The entire raised capital will be invested in six photovoltaic and energy storage projects with a total investment of RMB 4.566 billion.
Among them, the 250MW/1,000MWh all-vanadium flow battery energy storage plus 1,000MW market-oriented grid-connected photovoltaic project (Phase I: 300MW) in Qapqal County, Xinjiang, has received RMB 1.03 billion in investment, making it the largest single project in this round. The "PV + energy storage" integrated project in Jimsar County, the Zhenwu fishery-solar hybrid project in Yangzhou, and three agricultural photovoltaic power stations in Guizhou are being advanced simultaneously, covering diversified models such as PV-storage integration, fishery-solar complementation, and agricultural-solar complementation.

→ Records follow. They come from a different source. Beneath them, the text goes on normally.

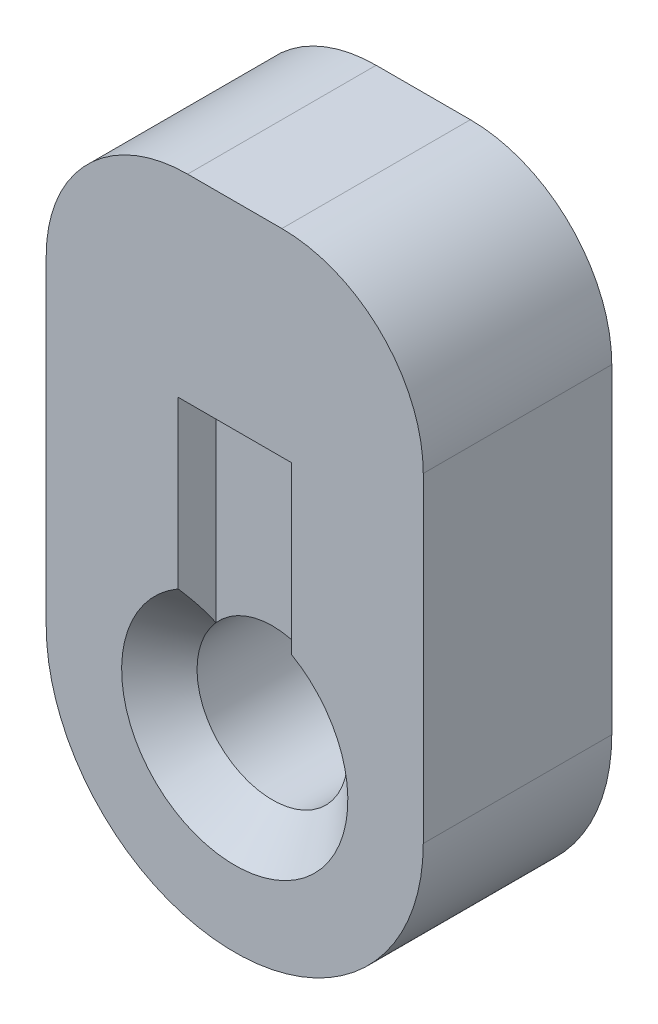
from build123d import *

# Parameters (mm, degrees)
SKETCH2_R           = 1.016
BOSS_EXTRUDE2_DEPTH = 2.54
CUT_EXTRUDE1_DEPTH  = 0.508
CUT_EXTRUDE2_DEPTH  = 0.508


with BuildPart() as part:
    # Sketch2 → Boss-Extrude2 (new body)
    with BuildSketch(Plane.XY):
        with BuildLine():
            ThreePointArc((-2.54, 0), (0, -2.54), (2.54, 0))
            Line((2.54, 0), (2.54, 4.318))
            ThreePointArc((2.54, 4.318), (1.982038418, 5.665038418), (0.635, 6.223))
            Line((0.635, 6.223), (-0.635, 6.223))
            ThreePointArc((-0.635, 6.223), (-1.982038418, 5.665038418), (-2.54, 4.318))
            Line((-2.54, 4.318), (-2.54, 0))
        make_face()
        Circle(SKETCH2_R, mode=Mode.SUBTRACT)
    extrude(amount=BOSS_EXTRUDE2_DEPTH)

    # Sketch3 → Cut-Extrude1 (cut)
    with BuildSketch(Plane.XY.offset(2.54)):
        with BuildLine():
            Line((-0.762, 2.423005572), (-0.762, 1.319822715))
            ThreePointArc((-0.762, 1.319822715), (0, 1.524), (0.762, 1.319822715))
            Line((0.762, 1.319822715), (0.762, 2.423005572))
            ThreePointArc((0.762, 2.423005572), (0, 2.54), (-0.762, 2.423005572))
        make_face()
        with BuildLine():
            Line((-0.762, 3.556), (-0.762, 2.423005572))
            ThreePointArc((-0.762, 2.423005572), (0, 2.54), (0.762, 2.423005572))
            Line((0.762, 2.423005572), (0.762, 3.556))
            Line((0.762, 3.556), (-0.762, 3.556))
        make_face()
        with BuildLine():
            Line((-0.762, 1.319822715), (-0.762, 0.672020833))
            ThreePointArc((-0.762, 0.672020833), (0, 1.016), (0.762, 0.672020833))
            Line((0.762, 0.672020833), (0.762, 1.319822715))
            ThreePointArc((0.762, 1.319822715), (0, 1.524), (-0.762, 1.319822715))
        make_face()
    extrude(amount=-CUT_EXTRUDE1_DEPTH, mode=Mode.SUBTRACT)

    # Sketch4 → Cut-Extrude2 (cut)
    with BuildSketch(Plane(origin=(0, 0, 0), x_dir=(-1, 0, 0), z_dir=(0, 0, -1))):
        with BuildLine():
            ThreePointArc((-0.762, 2.423005572), (0, 2.54), (0.762, 2.423005572))
            Line((0.762, 2.423005572), (0.762, 3.556))
            Line((0.762, 3.556), (-0.762, 3.556))
            Line((-0.762, 3.556), (-0.762, 2.423005572))
        make_face()
        with BuildLine():
            Line((0.762, 1.319822715), (0.762, 2.423005572))
            ThreePointArc((0.762, 2.423005572), (0, 2.54), (-0.762, 2.423005572))
            Line((-0.762, 2.423005572), (-0.762, 1.319822715))
            ThreePointArc((-0.762, 1.319822715), (0, 1.524), (0.762, 1.319822715))
        make_face()
        with BuildLine():
            Line((0.762, 0.672020833), (0.762, 1.319822715))
            ThreePointArc((0.762, 1.319822715), (0, 1.524), (-0.762, 1.319822715))
            Line((-0.762, 1.319822715), (-0.762, 0.672020833))
            ThreePointArc((-0.762, 0.672020833), (0, 1.016), (0.762, 0.672020833))
        make_face()
    extrude(amount=-CUT_EXTRUDE2_DEPTH, mode=Mode.SUBTRACT)

    # Sketch7 → Cut-Revolve1 (revolve, cut)
    with BuildSketch(Plane(origin=(0, 0, 0), x_dir=(1, 0, 0), z_dir=(0, 1, 0))):
        Polygon((0, 0), (0, -2.54), (1.524, -2.54), (0.508, -1.524), (0.508, -1.016), (1.524, 0), align=None)
    revolve(axis=Axis((0, 0, 0), (0, 0, 1)), mode=Mode.SUBTRACT)


solid = part.part
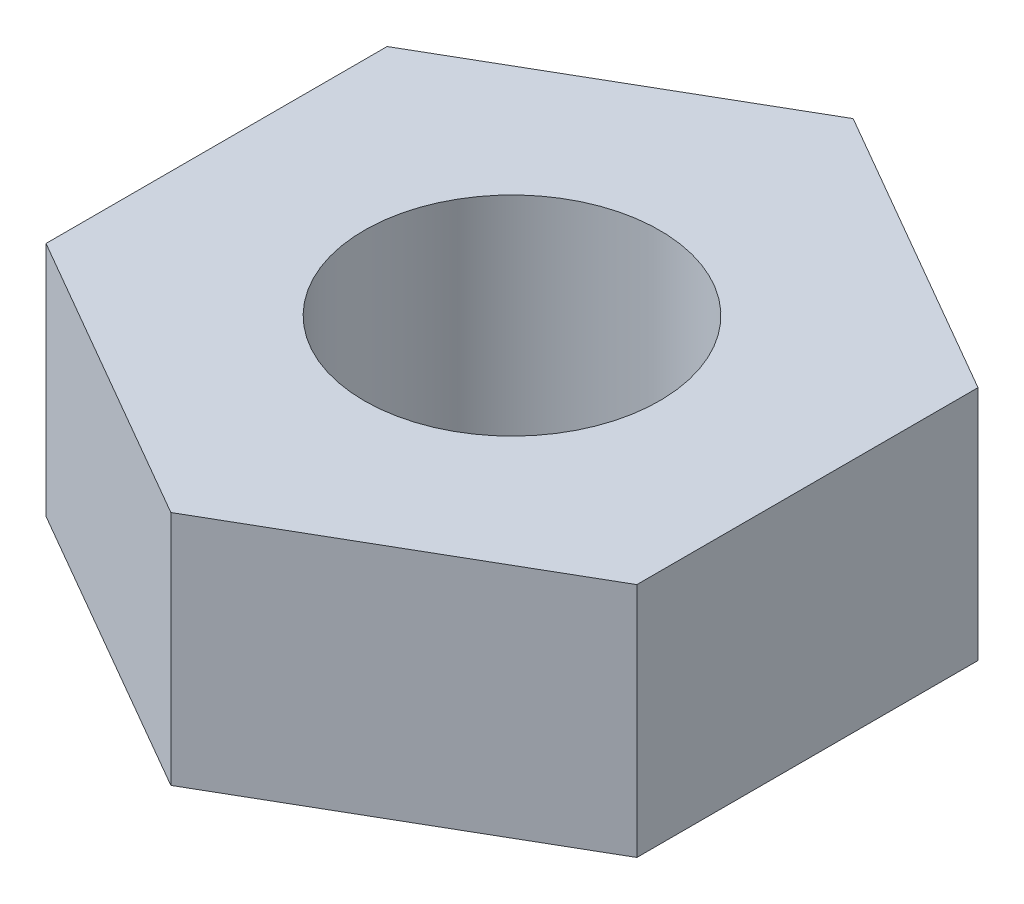
from build123d import *

# Parameters (mm, degrees)
SKETCH1_R           = 1
BOSS_EXTRUDE1_DEPTH = 1.6


with BuildPart() as part:
    # Sketch1 → Boss-Extrude1 (new body)
    with BuildSketch(Plane(origin=(0, 0, 0), x_dir=(1, 0, 0), z_dir=(0, 1, 0))):
        Polygon((2, -1.154700538), (2, 1.154700538), (0, 2.309401077), (-2, 1.154700538), (-2, -1.154700538), (0, -2.309401077), align=None)
        Circle(SKETCH1_R, mode=Mode.SUBTRACT)
    extrude(amount=BOSS_EXTRUDE1_DEPTH)


solid = part.part

The report also disclosed that the company recently completed a reshuffle of its general manager position. Zhang Huixue was transferred to Chairman due to work adjustments, and Yang Zhongxu was appointed as the new General Manager by the board of directors. Huatai United Securities, the bond trustee, stated that this personnel change constitutes a normal business adjustment and will not have a material adverse impact on the company's production and operation, financial conditions, or debt-servicing capacity.
The fundraising will effectively expand the company's photovoltaic installed capacity, strengthen supporting energy storage capabilities, optimize its regional layout, and further consolidate CECEP Solar Energy's market position in the domestic new energy power generation sector.